However, the excuses are starting to fall away as companies move toward digital. Traditional companies previously may have thought, those are startups so they can operate differently or those are small companies, they work in the ephemeral, or they are all U.S.-based companies. Mr. Raskino pointed out that Amazon is 20 years old, Google has 60,000 employees, Tesla Motors makes cars, and there are international born-digital companies, like China-based Alibaba Group.
“This is who is defining the landscape of modern management science and strategic success pretty much across the board. And you've got to copy them because, in the end, the techniques they’ve got are very powerful,” he said. “What they're doing is not rocket science — it's about leading different and thinking differently.“
Conventional companies can replicate certain aspects of born-digital companies, particularly in three key areas: Business, risk management and resourcing.
Born-digital companies articulate mission statements in specific, declarative statements that say “This is what we as a company are here to do.” This mission statement guides them. Uber’s mission statement is “To make transportation as reliable as running water, everywhere, for everyone.” Uber recognized the idea that in the 21st century it should be easy to get a taxi, and this is a fundamental organizing principle of the company. Everyone in that company knows where they’re headed, Mr. Raskino said.
Business model experiments
When it comes to business models, born-digital companies explore and test ideas. They might try a few models and end up with a blend. LinkedIn has three models: Talent Solutions, Premium Subscriptions and Marketing Solutions. The company treats the business model fluidly and “pivots” to find and refine models. If experiments fail, they try something different.
Born-digital companies focus on the user and making the experience perfect for that person, with the philosophy that if they make the perfect product for the user, the money will follow. Relentless focus on the end user seems to succeed in the winner-take-all digital world.
Conventional businesses still make decisions based on gut feelings, but born-digital businesses use every tool and all data to guide the decisions. These companies will compare the action of risk to the risk of inaction if another company were to try the idea.
In conventional companies most projects must succeed, and IT departments are locked into that mindset. Born-digital companies manage the portfolio differently. For example, they might expect two of every 10 projects to succeed and eight to fail.
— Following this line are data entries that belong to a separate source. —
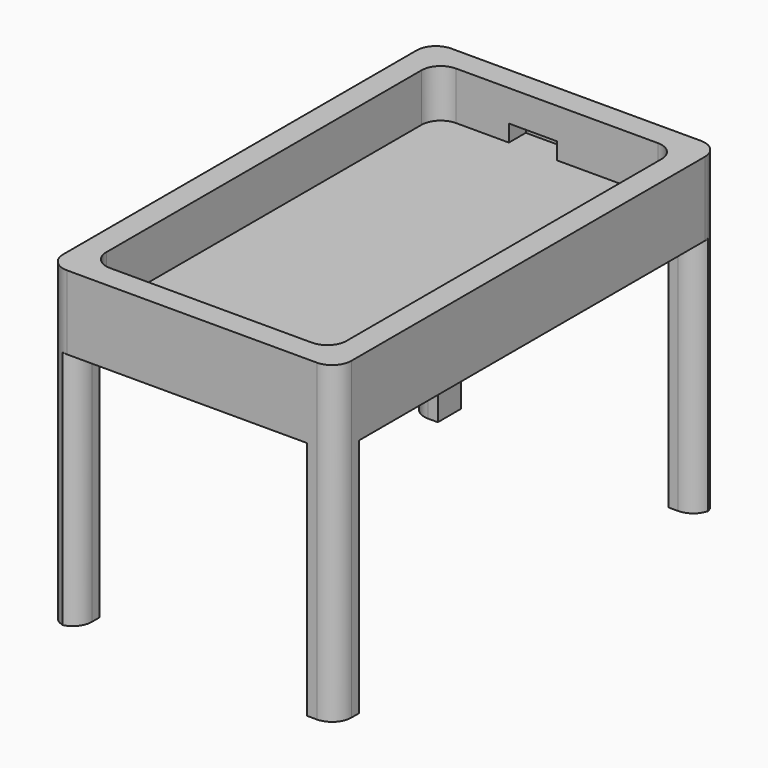
from build123d import *

# Parameters (mm, degrees)
F0_W     = 76.2
F0_H     = 127
F0_W_2   = 63.5
F0_H_2   = 114.3
F1_DEPTH = 12.7
F2_W     = 76.2
F2_H     = 127
F3_DEPTH = 6.858
F4_W     = 7.62
F4_H     = 7.62
F5_DEPTH = 63.5
F6_F1_R  = 5.08
F6_F2_R  = 5.08
F6_F3_R  = 5.08
F6_F4_R  = 5.08
F6_F5_R  = 5.08
F6_F6_R  = 5.08
F6_F7_R  = 5.08
F7_R     = 5.08
F8_W     = 12.7
F8_H     = 4.4445483945
F9_DEPTH = 5.588


with BuildPart() as f1:
    # F0 (on Top) → F1 (new body)
    with BuildSketch(Plane.XY):
        Rectangle(F0_W, F0_H)
        Rectangle(F0_W_2, F0_H_2, mode=Mode.SUBTRACT)
    extrude(amount=F1_DEPTH)

    # F2 (on Top) → F3 (join)
    with BuildSketch(Plane.XY):
        Rectangle(F2_W, F2_H)
    extrude(amount=-F3_DEPTH)

    # F4 (on face) → F5 (join)
    with BuildSketch(Plane(origin=(0, 0, -6.858), x_dir=(1, 0, 0), z_dir=(0, 0, -1))):
        with Locations((34.29, -59.69)):
            Rectangle(F4_W, F4_H)
        with Locations((34.29, 59.69)):
            Rectangle(F4_W, F4_H)
        with Locations((-34.29, 59.69)):
            Rectangle(F4_W, F4_H)
        with Locations((-34.29, -59.69)):
            Rectangle(F4_W, F4_H)
    extrude(amount=F5_DEPTH)

    # F6: fillet of radius 5.08 on 7 edges, made by hand

    # F6_f1
    f6_f1_edges = [f1.edges().sort_by_distance(p)[0] for p in [
        (38.1, 55.88, -38.608),
    ]]
    fillet(f6_f1_edges, radius=F6_F1_R)

    # F6_f2
    f6_f2_edges = [f1.edges().sort_by_distance(p)[0] for p in [
        (-38.1, 55.88, -38.608),
    ]]
    fillet(f6_f2_edges, radius=F6_F2_R)

    # F6_f3
    f6_f3_edges = [f1.edges().sort_by_distance(p)[0] for p in [
        (-30.48, -63.5, -38.608),
    ]]
    fillet(f6_f3_edges, radius=F6_F3_R)

    # F6_f4
    f6_f4_edges = [f1.edges().sort_by_distance(p)[0] for p in [
        (38.1, -63.5, -28.829),
    ]]
    fillet(f6_f4_edges, radius=F6_F4_R)

    # F6_f5
    f6_f5_edges = [f1.edges().sort_by_distance(p)[0] for p in [
        (-38.1, -63.5, -28.829),
    ]]
    fillet(f6_f5_edges, radius=F6_F5_R)

    # F6_f6
    f6_f6_edges = [f1.edges().sort_by_distance(p)[0] for p in [
        (38.1, 63.5, -28.829),
    ]]
    fillet(f6_f6_edges, radius=F6_F6_R)

    # F6_f7
    f6_f7_edges = [f1.edges().sort_by_distance(p)[0] for p in [
        (-38.1, 63.5, -28.829),
    ]]
    fillet(f6_f7_edges, radius=F6_F7_R)

    # F7
    f7_edges = [f1.edges().sort_by_distance(p)[0] for p in [
        (-31.75, -57.15, 6.35),
        (31.75, -57.15, 6.35),
        (-31.75, 57.15, 6.35),
        (31.75, 57.15, 6.35),
    ]]
    fillet(f7_edges, radius=F7_R)

    # F8 (on face) → F9 (cut)
    with BuildSketch(Plane.XZ.offset(-57.15)):
        with Locations((-6.35, 2.2222741973)):
            Rectangle(F8_W, F8_H)
    extrude(amount=-F9_DEPTH, mode=Mode.SUBTRACT)


solid = f1.part

Born-digital companies make decisions based on data. This means they are ruthless about A/B testing everything possible, and decide on metrics before they build. In these companies, “the data will decide.”
When born-digital companies scale up, they try not to add humans, because people add bureaucracy. They will look to buy or create software to do the work that conventional companies would hire people to do to avoid the slowdown created by additional bodies. It’s not about being antagonistic toward people, it’s about maintaining speed and agility. The amount of employees no longer reflects the success of the company. For example, SnapChat only has 330 employees and Pinterest only 600.
Digital companies give kudos and respect to IT and technical people. The technical team is included in power conversations and able to approach the CEO with ideas about emerging technology like blockchain.
Born-digital companies are comfortable hiring fewer people if those hires are of a higher caliber. They understand that smaller teams deliver higher performances and cognitive diversity increases creativity. They are willing to invest a lot of money in a handful of people, versus a median amount in a larger number of people.
Born-digital companies are comfortable working with the smallest of companies because they are trying to find unique products or services to differentiate themselves. If digital matters to the end-customer, it’s important to find something different and special to offer. Different and special often resides in small companies that can be acquired with small acquisitions versus large mergers with companies that don’t offer any innovation.